Une fille met dans ses poches des gens et quelques pièces et part plus loin que là où sont jamais allé les siens.
Elle trouve une place au cent cinquantième étage d’une tour qui en a plus de deux cent. Elle s’assoit sur un petit balcon rouillé qui tient plutôt bien et elle regarde entre les immeubles, les anciens, et ceux qui sont apparu soudain. Elle note dans sa tête et boit du café.
Elle va dans des endroits sans savoir pourquoi et n’écrit pas.
Elle prend une rue puis change et fait une aventure d’une cannette posée là au coin, d’un mec qui fume sous le panneau où c’est écrit que c’est interdit et de tous les bruits. Ou alors elle fait celle qui a toujours vécu ici. Elle se fait croire à une vie. Elle va dans le super marché tard comme si c’était normal. Comme si le stand de poulet frit toute la nuit c’était normal. Elle fait comme si les gardiens en bas des immeubles et les salles de sport dans la laverie, c’était normal aussi, elle fait comme si.

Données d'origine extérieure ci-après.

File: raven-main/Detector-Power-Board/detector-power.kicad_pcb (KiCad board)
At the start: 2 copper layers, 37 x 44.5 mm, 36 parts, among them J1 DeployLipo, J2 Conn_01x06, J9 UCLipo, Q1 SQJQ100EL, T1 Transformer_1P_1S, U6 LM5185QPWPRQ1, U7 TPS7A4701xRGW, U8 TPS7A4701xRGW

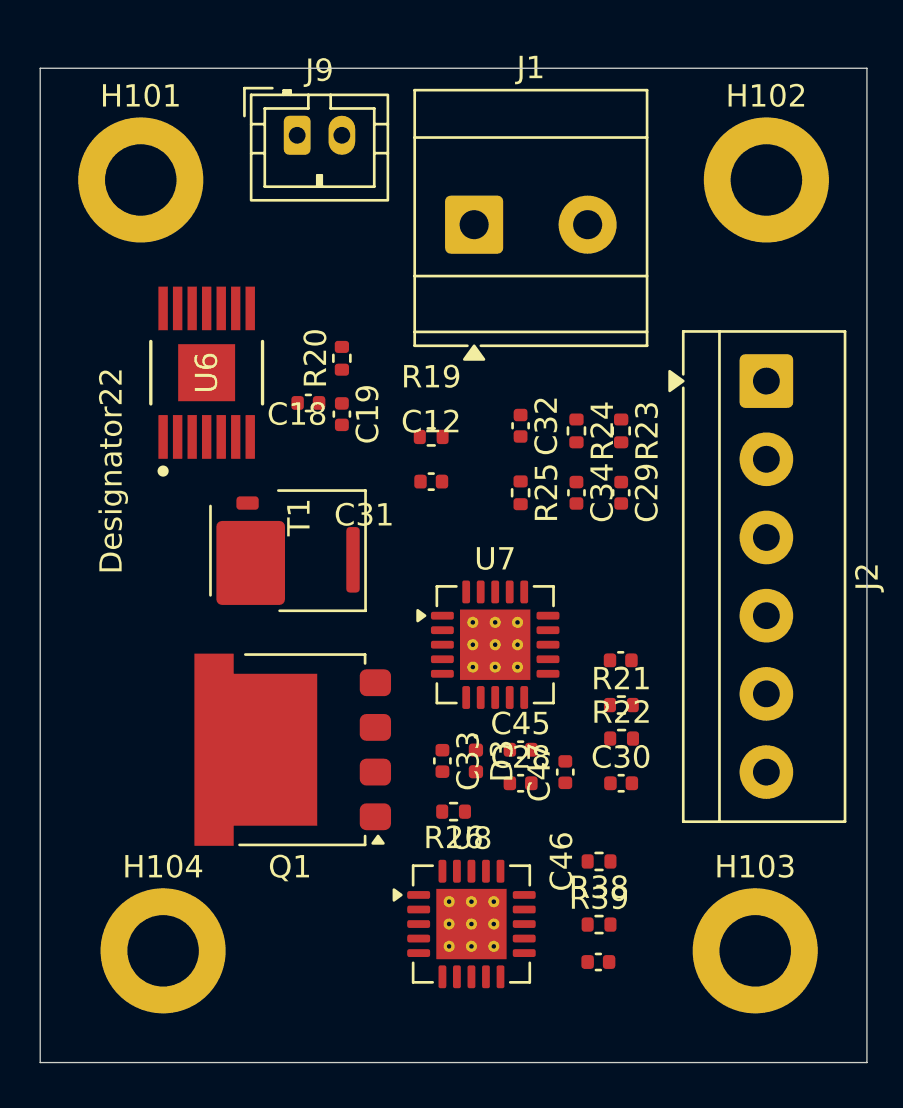
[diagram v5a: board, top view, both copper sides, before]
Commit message: Created pcb layout draft for power board
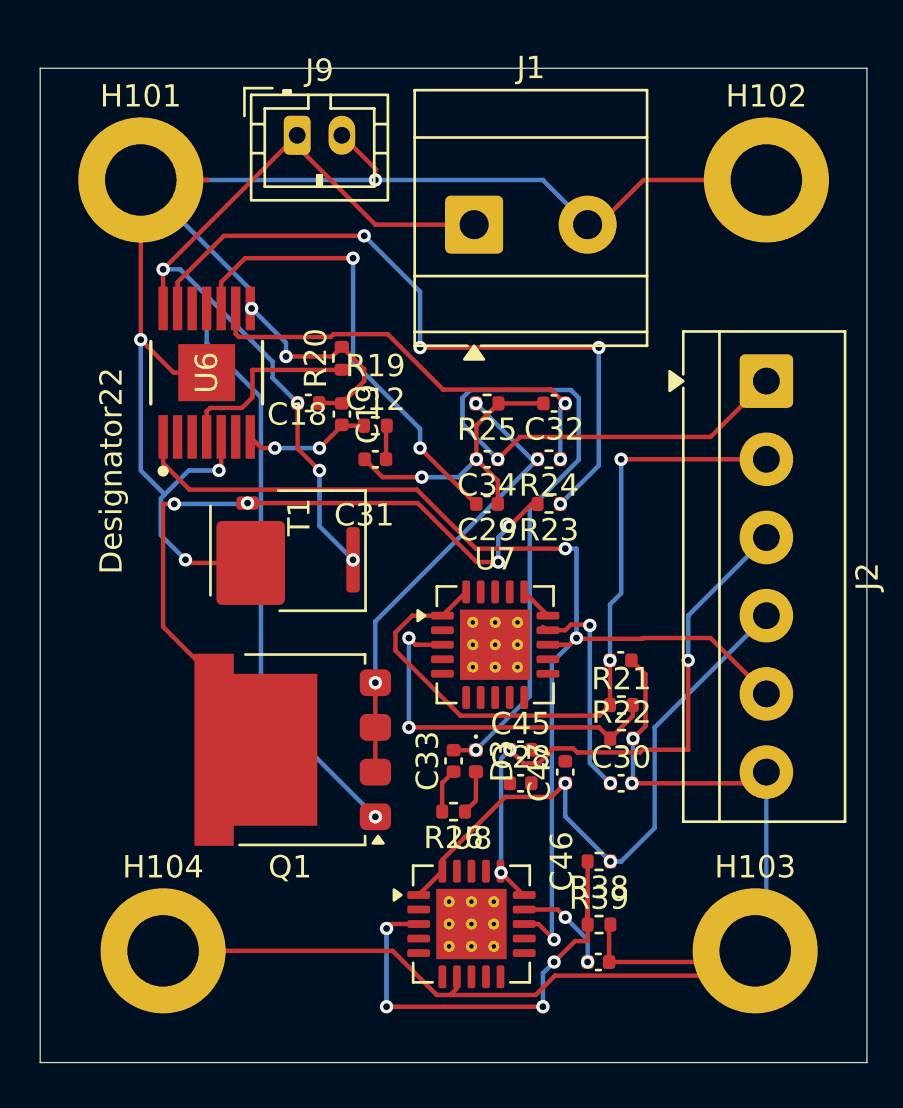
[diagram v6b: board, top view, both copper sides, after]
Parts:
- moved C29 6.02 mm to (130.5, 77.0), turned to 180 degrees
- moved R23 4.60 mm to (133.3, 77.0), turned to 180 degrees
- moved C34 4.27 mm to (130.5, 75.0), turned to 180 degrees
- moved R25 4.27 mm to (130.5, 72.5), turned to 180 degrees
- moved C12 2.69 mm to (125.5, 75.0)
- moved R19 2.55 mm to (125.5, 73.5)
- moved C32 1.80 mm to (133.5, 72.5), turned to 180 degrees
- moved R24 1.77 mm to (133.3, 75.0), turned to 180 degrees
- moved C33 0.50 mm to (129.0, 88.5), turned to 90 degrees
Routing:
- net GND: track 0.00 -> 155.6 mm, vias 0 -> 10
- net /ON-OFF: track 0.00 -> 51.8 mm, vias 0 -> 3
- net /Power_Out_50V: track 0.00 -> 41.0 mm, vias 0 -> 2
- net /BBIN: track 0.00 -> 38.6 mm, vias 0 -> 5
- net /Power_Out_5V: track 0.00 -> 33.4 mm, vias 0 -> 2
- net Net-(U6-FB): track 0.00 -> 32.1 mm, vias 0 -> 4
- net Net-(Q1-D): track 0.00 -> 28.1 mm, vias 0 -> 4
- net /Data_Out_3V3: track 0.00 -> 27.5 mm, vias 0 -> 2
- net /Data_In_5V: track 0.00 -> 26.8 mm, vias 0 -> 3
- net Net-(Q1-G): track 0.00 -> 25.9 mm, vias 0 -> 1
- net Net-(U8-SENSE/FB): track 0.00 -> 21.0 mm, vias 0 -> 4
- net Net-(U6-VCC): track 0.00 -> 20.8 mm, vias 0 -> 2
- net Net-(Q1-S-Pad2): track 0.00 -> 20.8 mm, vias 0 -> 3
- net Net-(U6-CS): track 0.00 -> 19.9 mm, vias 0 -> 2
- net Net-(U7-SENSE/FB): track 0.00 -> 16.8 mm, vias 0 -> 2
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
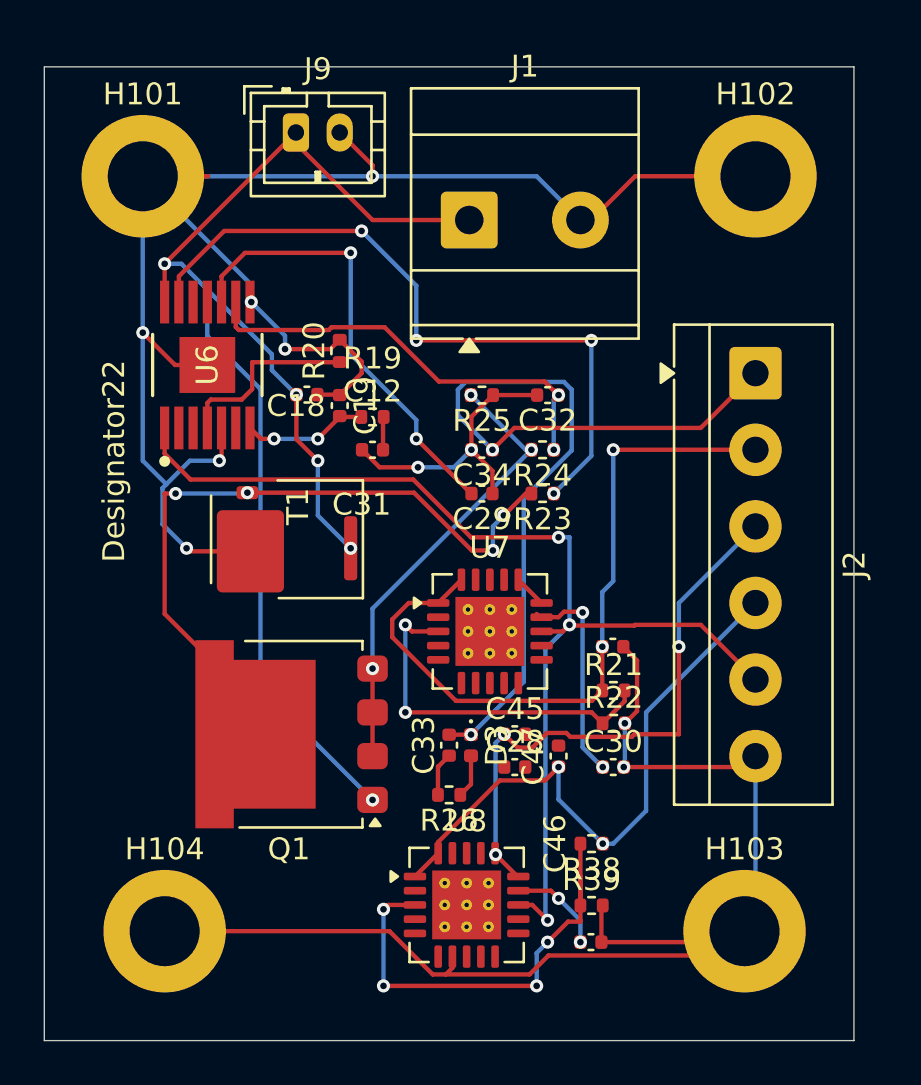
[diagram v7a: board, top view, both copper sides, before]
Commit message: Fixed silkscreen on power board
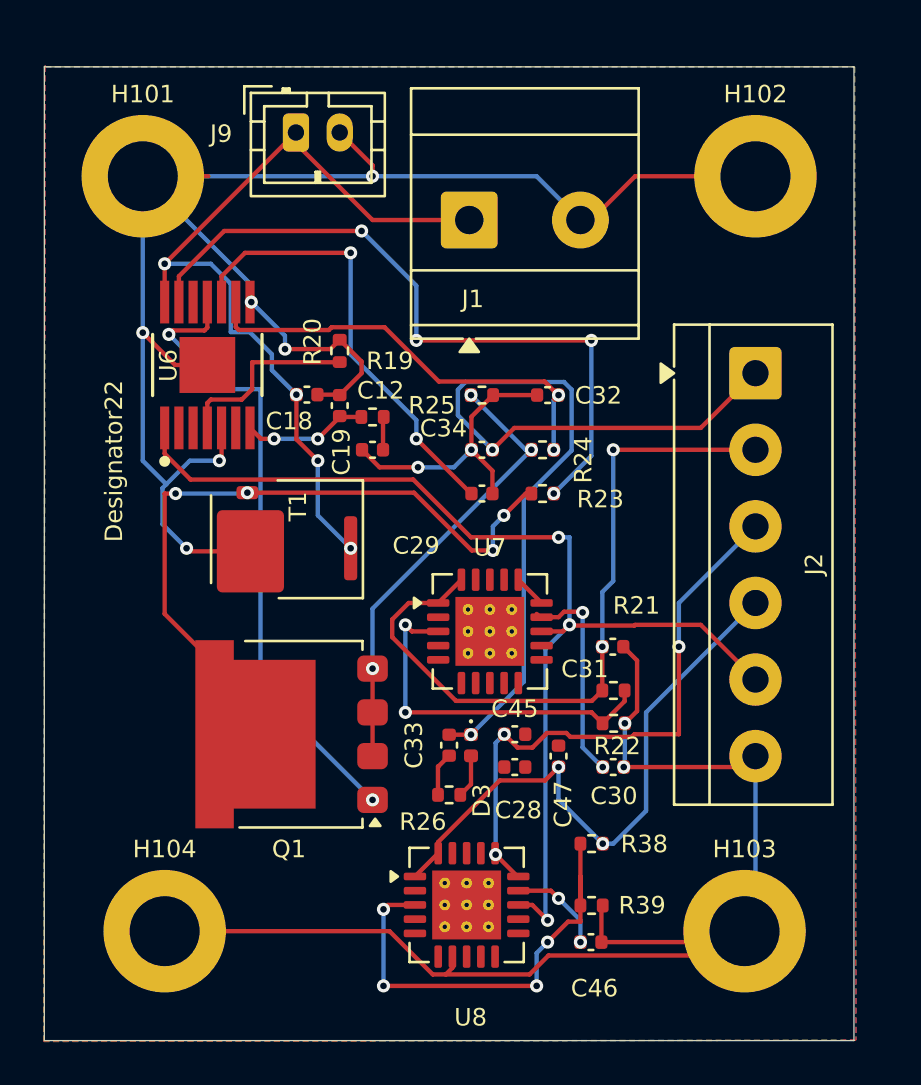
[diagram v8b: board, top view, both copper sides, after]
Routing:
- net Net-(Q1-G): track 25.9 -> 29.2 mm, vias 1 -> 2
- net /BBIN: track 38.6 -> 39.9 mm, vias 5 -> 4
- added copper zone on B.Cu, net GND
- added copper zone on F.Cu, net GND

Le matin elle écoute les mouettes et les ambulances et surtout le silence des voitures.
Elle enregistre dans sa tête la ville par chaque cube qui la compose. A l’abri, le soir elle recompose.
Elle regarde en bas, la ville depuis le cent cinquantième étage et constate : il y a presque autant d’arbres ici que de tours en béton, en verre en laiton en tout ce que l’homme aura pu trouver pour monter des cubes les uns sur les autres et mettre sa vie dedans.
Elle écoute les gens parler entre eux, comme si de rien n’était, comme si elle n’existait pas et elle les comprends. La plupart du temps, ils ont raison, elle n’existe pas. Elle cherche des personnages parmi eux sans les trouver.
Alors elle part plus loin. Elle quitte la ville, prend des bateaux, les rate d’ailleurs plus qu’elle ne les prend. Elle fait cent fois le même paysage, le même scenario, le même réveil, le même café, il n’y a que le voisin d’à côté qui a changé.
Elle ne lave pas les draps, elle n’aime plus ça.
Elle prépare des sacs pour des aventures avortés, pour des avenues comptées, elle souligne les petits panneaux verts sans jamais savoir dans quel sens il faut les regarder. Elle ne les comprend pas.
Intéressant et singulier, un côté très sec et brumeux, incertain, que j’apprécie. Les sensations décrites le sont de façon très brute : elle n’aime pas, elle n’apprécie pas. Les gestes, les décors aussi, en quelques mots. Plus aurait été trop. Là cela laisse un sentiment de suspension et de mystère.
Merci pour ce passage et votre retour qui relève des choses que je n’avais pas vu, sur ce texte qui m’a sorti de ce que j’écris habituellement, merci pour ça!